» **WORK ORDER**:
Given the material below, return only the lines starting at the line with "#76=CARTESIAN_POINT('',(0.,0.,5.));" and ending at the line with "#84=ORIENTED_EDGE('',*,*,#83,.T.);", exactly as they appear.
..............................
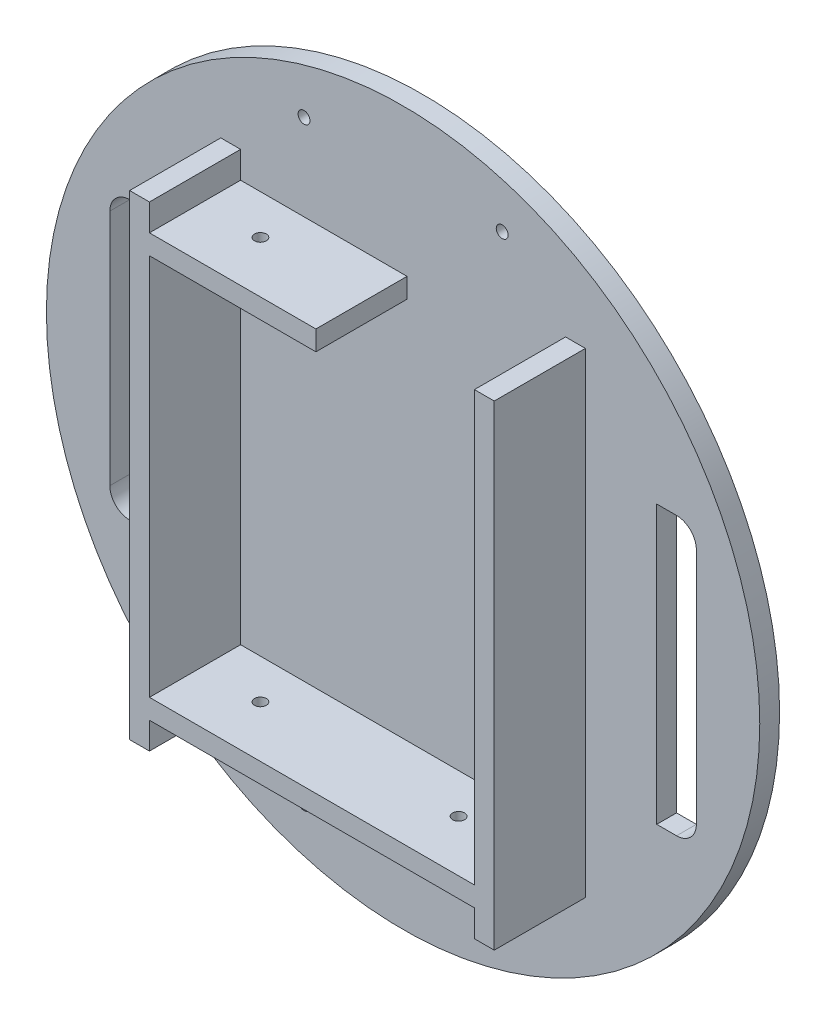
ISO-10303-21;
HEADER;
FILE_DESCRIPTION(('STEP AP214'),'2;1');
FILE_NAME('part.step','',(''),(''),'','','');
FILE_SCHEMA(('AUTOMOTIVE_DESIGN { 1 0 10303 214 1 1 1 1 }'));
ENDSEC;
DATA;
#1=APPLICATION_CONTEXT('core data for automotive mechanical design processes');
#2=APPLICATION_PROTOCOL_DEFINITION('international standard','automotive_design',2000,#1);
#3=PRODUCT_CONTEXT('',#1,'mechanical');
#4=PRODUCT('Part','Part','',(#3));
#5=PRODUCT_RELATED_PRODUCT_CATEGORY('part','',(#4));
#6=PRODUCT_DEFINITION_FORMATION('','',#4);
#7=PRODUCT_DEFINITION_CONTEXT('part definition',#1,'design');
#8=PRODUCT_DEFINITION('design','',#6,#7);
#9=PRODUCT_DEFINITION_SHAPE('','',#8);
#10=(LENGTH_UNIT() NAMED_UNIT(*) SI_UNIT(.MILLI.,.METRE.));
#11=(NAMED_UNIT(*) PLANE_ANGLE_UNIT() SI_UNIT($,.RADIAN.));
#12=(NAMED_UNIT(*) SI_UNIT($,.STERADIAN.) SOLID_ANGLE_UNIT());
#13=UNCERTAINTY_MEASURE_WITH_UNIT(LENGTH_MEASURE(1.E-05),#10,'distance_accuracy_value','');
#14=(GEOMETRIC_REPRESENTATION_CONTEXT(3) GLOBAL_UNCERTAINTY_ASSIGNED_CONTEXT((#13)) GLOBAL_UNIT_ASSIGNED_CONTEXT((#10,
#11,#12)) REPRESENTATION_CONTEXT('',''));
#15=CARTESIAN_POINT('',(0.,0.,0.));
#16=DIRECTION('',(0.,0.,1.));
#17=DIRECTION('',(1.,0.,0.));
#18=AXIS2_PLACEMENT_3D('',#15,#16,#17);
#19=CARTESIAN_POINT('',(0.,0.,5.));
#20=DIRECTION('',(0.,0.,1.));
#21=DIRECTION('',(1.,0.,0.));
#22=AXIS2_PLACEMENT_3D('',#19,#20,#21);
#23=PLANE('',#22);
#24=DIRECTION('',(0.,-1.,0.));
#25=VECTOR('',#24,1.);
#26=CARTESIAN_POINT('',(64.,35.,5.));
#27=LINE('',#26,#25);
#28=CARTESIAN_POINT('',(64.,35.,5.));
#29=VERTEX_POINT('',#28);
#30=CARTESIAN_POINT('',(64.,-35.,5.));
#31=VERTEX_POINT('',#30);
#32=EDGE_CURVE('E383',#29,#31,#27,.T.);
#33=ORIENTED_EDGE('',*,*,#32,.F.);
#34=DIRECTION('',(1.,0.,0.));
#35=VECTOR('',#34,1.);
#36=CARTESIAN_POINT('',(64.,35.,5.));
#37=LINE('',#36,#35);
#38=CARTESIAN_POINT('',(69.,35.,5.));
#39=VERTEX_POINT('',#38);
#40=EDGE_CURVE('E399',#29,#39,#37,.T.);
#41=ORIENTED_EDGE('',*,*,#40,.T.);
#42=CARTESIAN_POINT('',(69.,30.,5.));
#43=DIRECTION('',(0.,0.,-1.));
#44=DIRECTION('',(-1.,0.,0.));
#45=AXIS2_PLACEMENT_3D('',#42,#43,#44);
#46=CIRCLE('',#45,5.);
#47=CARTESIAN_POINT('',(74.,30.,5.));
#48=VERTEX_POINT('',#47);
#49=EDGE_CURVE('E396',#39,#48,#46,.T.);
#50=ORIENTED_EDGE('',*,*,#49,.T.);
#51=DIRECTION('',(0.,-1.,0.));
#52=VECTOR('',#51,1.);
#53=CARTESIAN_POINT('',(74.,30.,5.));
#54=LINE('',#53,#52);
#55=CARTESIAN_POINT('',(74.,-30.,5.));
#56=VERTEX_POINT('',#55);
#57=EDGE_CURVE('E393',#48,#56,#54,.T.);
#58=ORIENTED_EDGE('',*,*,#57,.T.);
#59=CARTESIAN_POINT('',(69.,-30.,5.));
#60=DIRECTION('',(0.,0.,1.));
#61=DIRECTION('',(1.,0.,0.));
#62=AXIS2_PLACEMENT_3D('',#59,#60,#61);
#63=CIRCLE('',#62,5.);
#64=CARTESIAN_POINT('',(69.,-35.,5.));
#65=VERTEX_POINT('',#64);
#66=EDGE_CURVE('E390',#65,#56,#63,.T.);
#67=ORIENTED_EDGE('',*,*,#66,.F.);
#68=DIRECTION('',(1.,0.,0.));
#69=VECTOR('',#68,1.);
#70=CARTESIAN_POINT('',(64.,-35.,5.));
#71=LINE('',#70,#69);
#72=EDGE_CURVE('E386',#31,#65,#71,.T.);
#73=ORIENTED_EDGE('',*,*,#72,.F.);
#74=EDGE_LOOP('',(#33,#41,#50,#58,#67,#73));
#75=FACE_BOUND('',#74,.T.);
#76=CARTESIAN_POINT('',(0.,0.,5.));
#77=DIRECTION('',(0.,0.,1.));
#78=DIRECTION('',(1.,0.,0.));
#79=AXIS2_PLACEMENT_3D('',#76,#77,#78);
#80=CIRCLE('',#79,90.);
#81=CARTESIAN_POINT('',(90.,0.,5.));
#82=VERTEX_POINT('',#81);
#83=EDGE_CURVE('E11',#82,#82,#80,.T.);
#84=ORIENTED_EDGE('',*,*,#83,.T.);
#85=EDGE_LOOP('',(#84));
#86=FACE_BOUND('',#85,.T.);
#87=DIRECTION('',(-1.,0.,0.));
#88=VECTOR('',#87,1.);
#89=CARTESIAN_POINT('',(0.,-35.,5.));
#90=LINE('',#89,#88);
#91=CARTESIAN_POINT('',(-64.,-35.,5.));
#92=VERTEX_POINT('',#91);
#93=CARTESIAN_POINT('',(-69.,-35.,5.));
#94=VERTEX_POINT('',#93);
#95=EDGE_CURVE('E436',#92,#94,#90,.T.);
#96=ORIENTED_EDGE('',*,*,#95,.T.);
#97=CARTESIAN_POINT('',(-69.,-30.,5.));
#98=DIRECTION('',(0.,0.,1.));
#99=DIRECTION('',(1.,0.,0.));
#100=AXIS2_PLACEMENT_3D('',#97,#98,#99);
#101=CIRCLE('',#100,5.);
#102=CARTESIAN_POINT('',(-74.,-30.,5.));
#103=VERTEX_POINT('',#102);
#104=EDGE_CURVE('E402',#94,#103,#101,.F.);
#105=ORIENTED_EDGE('',*,*,#104,.T.);
#106=DIRECTION('',(0.,-1.,0.));
#107=VECTOR('',#106,1.);
#108=CARTESIAN_POINT('',(-74.,0.,5.));
#109=LINE('',#108,#107);
#110=CARTESIAN_POINT('',(-74.,30.,5.));
#111=VERTEX_POINT('',#110);
#112=EDGE_CURVE('E419',#111,#103,#109,.T.);
#113=ORIENTED_EDGE('',*,*,#112,.F.);
#114=CARTESIAN_POINT('',(-69.,30.,5.));
#115=DIRECTION('',(0.,0.,1.));
#116=DIRECTION('',(1.,0.,0.));
#117=AXIS2_PLACEMENT_3D('',#114,#115,#116);
#118=CIRCLE('',#117,5.);
#119=CARTESIAN_POINT('',(-69.,35.,5.));
#120=VERTEX_POINT('',#119);
#121=EDGE_CURVE('E445',#120,#111,#118,.T.);
#122=ORIENTED_EDGE('',*,*,#121,.F.);
#123=DIRECTION('',(-1.,0.,0.));
#124=VECTOR('',#123,1.);
#125=CARTESIAN_POINT('',(0.,35.,5.));
#126=LINE('',#125,#124);
#127=CARTESIAN_POINT('',(-64.,35.,5.));
#128=VERTEX_POINT('',#127);
#129=EDGE_CURVE('E442',#128,#120,#126,.T.);
#130=ORIENTED_EDGE('',*,*,#129,.F.);
#131=DIRECTION('',(0.,-1.,0.));
#132=VECTOR('',#131,1.);
#133=CARTESIAN_POINT('',(-64.,0.,5.));
#134=LINE('',#133,#132);
#135=EDGE_CURVE('E439',#128,#92,#134,.T.);
#136=ORIENTED_EDGE('',*,*,#135,.T.);
#137=EDGE_LOOP('',(#96,#105,#113,#122,#130,#136));
#138=FACE_BOUND('',#137,.T.);
#139=CARTESIAN_POINT('',(-25.,75.,5.));
#140=DIRECTION('',(0.,0.,1.));
#141=DIRECTION('',(1.,0.,0.));
#142=AXIS2_PLACEMENT_3D('',#139,#140,#141);
#143=CIRCLE('',#142,1.5);
#144=CARTESIAN_POINT('',(-23.5,75.,5.));
#145=VERTEX_POINT('',#144);
#146=EDGE_CURVE('E360',#145,#145,#143,.T.);
#147=ORIENTED_EDGE('',*,*,#146,.F.);
#148=EDGE_LOOP('',(#147));
#149=FACE_BOUND('',#148,.T.);
#150=CARTESIAN_POINT('',(-25.,-75.,5.));
#151=DIRECTION('',(0.,0.,1.));
#152=DIRECTION('',(-1.,0.,0.));
#153=AXIS2_PLACEMENT_3D('',#150,#151,#152);
#154=CIRCLE('',#153,1.5);
#155=CARTESIAN_POINT('',(-26.5,-75.,5.));
#156=VERTEX_POINT('',#155);
#157=EDGE_CURVE('E354',#156,#156,#154,.T.);
#158=ORIENTED_EDGE('',*,*,#157,.F.);
#159=EDGE_LOOP('',(#158));
#160=FACE_BOUND('',#159,.T.);
#161=CARTESIAN_POINT('',(25.,75.,5.));
#162=DIRECTION('',(0.,0.,1.));
#163=DIRECTION('',(-1.,0.,0.));
#164=AXIS2_PLACEMENT_3D('',#161,#162,#163);
#165=CIRCLE('',#164,1.5);
#166=CARTESIAN_POINT('',(23.5,75.,5.));
#167=VERTEX_POINT('',#166);
#168=EDGE_CURVE('E348',#167,#167,#165,.T.);
#169=ORIENTED_EDGE('',*,*,#168,.F.);
#170=EDGE_LOOP('',(#169));
#171=FACE_BOUND('',#170,.T.);
#172=CARTESIAN_POINT('',(25.,-75.,5.));
#173=DIRECTION('',(0.,0.,1.));
#174=DIRECTION('',(1.,0.,0.));
#175=AXIS2_PLACEMENT_3D('',#172,#173,#174);
#176=CIRCLE('',#175,1.5);
#177=CARTESIAN_POINT('',(26.5,-75.,5.));
#178=VERTEX_POINT('',#177);
#179=EDGE_CURVE('E344',#178,#178,#176,.T.);
#180=ORIENTED_EDGE('',*,*,#179,.F.);
#181=EDGE_LOOP('',(#180));
#182=FACE_BOUND('',#181,.T.);
#183=DIRECTION('',(0.,1.,0.));
#184=VECTOR('',#183,1.);
#185=CARTESIAN_POINT('',(1.00000000000002,48.25,5.));
#186=LINE('',#185,#184);
#187=CARTESIAN_POINT('',(1.00000000000002,48.25,5.));
#188=VERTEX_POINT('',#187);
#189=CARTESIAN_POINT('',(1.00000000000002,53.25,5.));
#190=VERTEX_POINT('',#189);
#191=EDGE_CURVE('E52',#188,#190,#186,.T.);
#192=ORIENTED_EDGE('',*,*,#191,.F.);
#193=DIRECTION('',(1.,0.,0.));
#194=VECTOR('',#193,1.);
#195=CARTESIAN_POINT('',(-41.,48.25,5.));
#196=LINE('',#195,#194);
#197=CARTESIAN_POINT('',(-41.,48.25,5.));
#198=VERTEX_POINT('',#197);
#199=EDGE_CURVE('E248',#198,#188,#196,.T.);
#200=ORIENTED_EDGE('',*,*,#199,.F.);
#201=DIRECTION('',(0.,-1.,0.));
#202=VECTOR('',#201,1.);
#203=CARTESIAN_POINT('',(-41.,0.,5.));
#204=LINE('',#203,#202);
#205=CARTESIAN_POINT('',(-41.,-48.25,5.));
#206=VERTEX_POINT('',#205);
#207=EDGE_CURVE('E332',#198,#206,#204,.T.);
#208=ORIENTED_EDGE('',*,*,#207,.T.);
#209=DIRECTION('',(-1.,0.,0.));
#210=VECTOR('',#209,1.);
#211=CARTESIAN_POINT('',(-41.,-48.25,5.));
#212=LINE('',#211,#210);
#213=CARTESIAN_POINT('',(41.,-48.25,5.));
#214=VERTEX_POINT('',#213);
#215=EDGE_CURVE('E258',#214,#206,#212,.T.);
#216=ORIENTED_EDGE('',*,*,#215,.F.);
#217=DIRECTION('',(0.,-1.,0.));
#218=VECTOR('',#217,1.);
#219=CARTESIAN_POINT('',(41.,0.,5.));
#220=LINE('',#219,#218);
#221=CARTESIAN_POINT('',(41.,60.,5.));
#222=VERTEX_POINT('',#221);
#223=EDGE_CURVE('E291',#222,#214,#220,.T.);
#224=ORIENTED_EDGE('',*,*,#223,.F.);
#225=DIRECTION('',(1.,0.,0.));
#226=VECTOR('',#225,1.);
#227=CARTESIAN_POINT('',(0.,60.,5.));
#228=LINE('',#227,#226);
#229=CARTESIAN_POINT('',(46.,60.,5.));
#230=VERTEX_POINT('',#229);
#231=EDGE_CURVE('E268',#222,#230,#228,.T.);
#232=ORIENTED_EDGE('',*,*,#231,.T.);
#233=DIRECTION('',(0.,-1.,0.));
#234=VECTOR('',#233,1.);
#235=CARTESIAN_POINT('',(46.,0.,5.));
#236=LINE('',#235,#234);
#237=CARTESIAN_POINT('',(46.,-60.,5.));
#238=VERTEX_POINT('',#237);
#239=EDGE_CURVE('E279',#230,#238,#236,.T.);
#240=ORIENTED_EDGE('',*,*,#239,.T.);
#241=DIRECTION('',(1.,0.,0.));
#242=VECTOR('',#241,1.);
#243=CARTESIAN_POINT('',(0.,-60.,5.));
#244=LINE('',#243,#242);
#245=CARTESIAN_POINT('',(41.,-60.,5.));
#246=VERTEX_POINT('',#245);
#247=EDGE_CURVE('E294',#246,#238,#244,.T.);
#248=ORIENTED_EDGE('',*,*,#247,.F.);
#249=CARTESIAN_POINT('',(41.,-53.25,5.));
#250=VERTEX_POINT('',#249);
#251=EDGE_CURVE('E290',#250,#246,#220,.T.);
#252=ORIENTED_EDGE('',*,*,#251,.F.);
#253=DIRECTION('',(1.,0.,0.));
#254=VECTOR('',#253,1.);
#255=CARTESIAN_POINT('',(-41.,-53.25,5.));
#256=LINE('',#255,#254);
#257=CARTESIAN_POINT('',(-41.,-53.25,5.));
#258=VERTEX_POINT('',#257);
#259=EDGE_CURVE('E263',#258,#250,#256,.T.);
#260=ORIENTED_EDGE('',*,*,#259,.F.);
#261=CARTESIAN_POINT('',(-41.,-60.,5.));
#262=VERTEX_POINT('',#261);
#263=EDGE_CURVE('E330',#258,#262,#204,.T.);
#264=ORIENTED_EDGE('',*,*,#263,.T.);
#265=DIRECTION('',(-1.,0.,0.));
#266=VECTOR('',#265,1.);
#267=CARTESIAN_POINT('',(0.,-60.,5.));
#268=LINE('',#267,#266);
#269=CARTESIAN_POINT('',(-46.,-60.,5.));
#270=VERTEX_POINT('',#269);
#271=EDGE_CURVE('E328',#262,#270,#268,.T.);
#272=ORIENTED_EDGE('',*,*,#271,.T.);
#273=DIRECTION('',(0.,-1.,0.));
#274=VECTOR('',#273,1.);
#275=CARTESIAN_POINT('',(-46.,0.,5.));
#276=LINE('',#275,#274);
#277=CARTESIAN_POINT('',(-46.,60.,5.));
#278=VERTEX_POINT('',#277);
#279=EDGE_CURVE('E325',#278,#270,#276,.T.);
#280=ORIENTED_EDGE('',*,*,#279,.F.);
#281=DIRECTION('',(-1.,0.,0.));
#282=VECTOR('',#281,1.);
#283=CARTESIAN_POINT('',(0.,60.,5.));
#284=LINE('',#283,#282);
#285=CARTESIAN_POINT('',(-41.,60.,5.));
#286=VERTEX_POINT('',#285);
#287=EDGE_CURVE('E309',#286,#278,#284,.T.);
#288=ORIENTED_EDGE('',*,*,#287,.F.);
#289=CARTESIAN_POINT('',(-41.,53.25,5.));
#290=VERTEX_POINT('',#289);
#291=EDGE_CURVE('E313',#286,#290,#204,.T.);
#292=ORIENTED_EDGE('',*,*,#291,.T.);
#293=DIRECTION('',(-1.,0.,0.));
#294=VECTOR('',#293,1.);
#295=CARTESIAN_POINT('',(-41.,53.25,5.));
#296=LINE('',#295,#294);
#297=EDGE_CURVE('E57',#190,#290,#296,.T.);
#298=ORIENTED_EDGE('',*,*,#297,.F.);
#299=EDGE_LOOP('',(#192,#200,#208,#216,#224,#232,#240,#248,#252,#260,#264,#272,#280,#288,#292,#298));
#300=FACE_BOUND('',#299,.T.);
#301=ADVANCED_FACE('F35',(#75,#86,#138,#149,#160,#171,#182,#300),#23,.T.);
#302=CARTESIAN_POINT('',(-41.,0.,28.));
#303=DIRECTION('',(1.,0.,0.));
#304=DIRECTION('',(0.,1.,0.));
#305=AXIS2_PLACEMENT_3D('',#302,#303,#304);
#306=PLANE('',#305);
#307=ORIENTED_EDGE('',*,*,#207,.F.);
#308=DIRECTION('',(0.,0.,-1.));
#309=VECTOR('',#308,1.);
#310=CARTESIAN_POINT('',(-41.,48.25,110.152297594164));
#311=LINE('',#310,#309);
#312=CARTESIAN_POINT('',(-41.,48.25,28.));
#313=VERTEX_POINT('',#312);
#314=EDGE_CURVE('E251',#313,#198,#311,.T.);
#315=ORIENTED_EDGE('',*,*,#314,.F.);
#316=DIRECTION('',(0.,-1.,0.));
#317=VECTOR('',#316,1.);
#318=CARTESIAN_POINT('',(-41.,0.,28.));
#319=LINE('',#318,#317);
#320=CARTESIAN_POINT('',(-41.,-48.25,28.));
#321=VERTEX_POINT('',#320);
#322=EDGE_CURVE('E322',#313,#321,#319,.T.);
#323=ORIENTED_EDGE('',*,*,#322,.T.);
#324=DIRECTION('',(0.,0.,-1.));
#325=VECTOR('',#324,1.);
#326=CARTESIAN_POINT('',(-41.,-48.25,110.152297594164));
#327=LINE('',#326,#325);
#328=EDGE_CURVE('E241',#321,#206,#327,.T.);
#329=ORIENTED_EDGE('',*,*,#328,.T.);
#330=EDGE_LOOP('',(#307,#315,#323,#329));
#331=FACE_BOUND('',#330,.T.);
#332=ADVANCED_FACE('F500',(#331),#306,.T.);
#333=CARTESIAN_POINT('',(-41.,60.,28.));
#334=VERTEX_POINT('',#333);
#335=CARTESIAN_POINT('',(-41.,53.25,28.));
#336=VERTEX_POINT('',#335);
#337=EDGE_CURVE('E319',#334,#336,#319,.T.);
#338=ORIENTED_EDGE('',*,*,#337,.T.);
#339=DIRECTION('',(0.,0.,-1.));
#340=VECTOR('',#339,1.);
#341=CARTESIAN_POINT('',(-41.,53.25,110.152297594164));
#342=LINE('',#341,#340);
#343=EDGE_CURVE('E232',#336,#290,#342,.T.);
#344=ORIENTED_EDGE('',*,*,#343,.T.);
#345=ORIENTED_EDGE('',*,*,#291,.F.);
#346=DIRECTION('',(0.,0.,-1.));
#347=VECTOR('',#346,1.);
#348=CARTESIAN_POINT('',(-41.,60.,28.));
#349=LINE('',#348,#347);
#350=EDGE_CURVE('E321',#334,#286,#349,.T.);
#351=ORIENTED_EDGE('',*,*,#350,.F.);
#352=EDGE_LOOP('',(#338,#344,#345,#351));
#353=FACE_BOUND('',#352,.T.);
#354=ADVANCED_FACE('F506',(#353),#306,.T.);
#355=ORIENTED_EDGE('',*,*,#263,.F.);
#356=DIRECTION('',(0.,0.,-1.));
#357=VECTOR('',#356,1.);
#358=CARTESIAN_POINT('',(-41.,-53.25,110.152297594164));
#359=LINE('',#358,#357);
#360=CARTESIAN_POINT('',(-41.,-53.25,28.));
#361=VERTEX_POINT('',#360);
#362=EDGE_CURVE('E244',#361,#258,#359,.T.);
#363=ORIENTED_EDGE('',*,*,#362,.F.);
#364=CARTESIAN_POINT('',(-41.,-60.,28.));
#365=VERTEX_POINT('',#364);
#366=EDGE_CURVE('E318',#361,#365,#319,.T.);
#367=ORIENTED_EDGE('',*,*,#366,.T.);
#368=DIRECTION('',(0.,0.,-1.));
#369=VECTOR('',#368,1.);
#370=CARTESIAN_POINT('',(-41.,-60.,28.));
#371=LINE('',#370,#369);
#372=EDGE_CURVE('E335',#365,#262,#371,.T.);
#373=ORIENTED_EDGE('',*,*,#372,.T.);
#374=EDGE_LOOP('',(#355,#363,#367,#373));
#375=FACE_BOUND('',#374,.T.);
#376=ADVANCED_FACE('F509',(#375),#306,.T.);
#377=CARTESIAN_POINT('',(41.,0.,28.));
#378=DIRECTION('',(1.,0.,0.));
#379=DIRECTION('',(0.,1.,0.));
#380=AXIS2_PLACEMENT_3D('',#377,#378,#379);
#381=PLANE('',#380);
#382=DIRECTION('',(0.,0.,-1.));
#383=VECTOR('',#382,1.);
#384=CARTESIAN_POINT('',(41.,-53.25,110.152297594164));
#385=LINE('',#384,#383);
#386=CARTESIAN_POINT('',(41.,-53.25,28.));
#387=VERTEX_POINT('',#386);
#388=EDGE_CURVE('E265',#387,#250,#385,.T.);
..............................
» **WRITTEN RESPONSE**:
#76=CARTESIAN_POINT('',(0.,0.,5.));
#77=DIRECTION('',(0.,0.,1.));
#78=DIRECTION('',(1.,0.,0.));
#79=AXIS2_PLACEMENT_3D('',#76,#77,#78);
#80=CIRCLE('',#79,90.);
#81=CARTESIAN_POINT('',(90.,0.,5.));
#82=VERTEX_POINT('',#81);
#83=EDGE_CURVE('E11',#82,#82,#80,.T.);
#84=ORIENTED_EDGE('',*,*,#83,.T.);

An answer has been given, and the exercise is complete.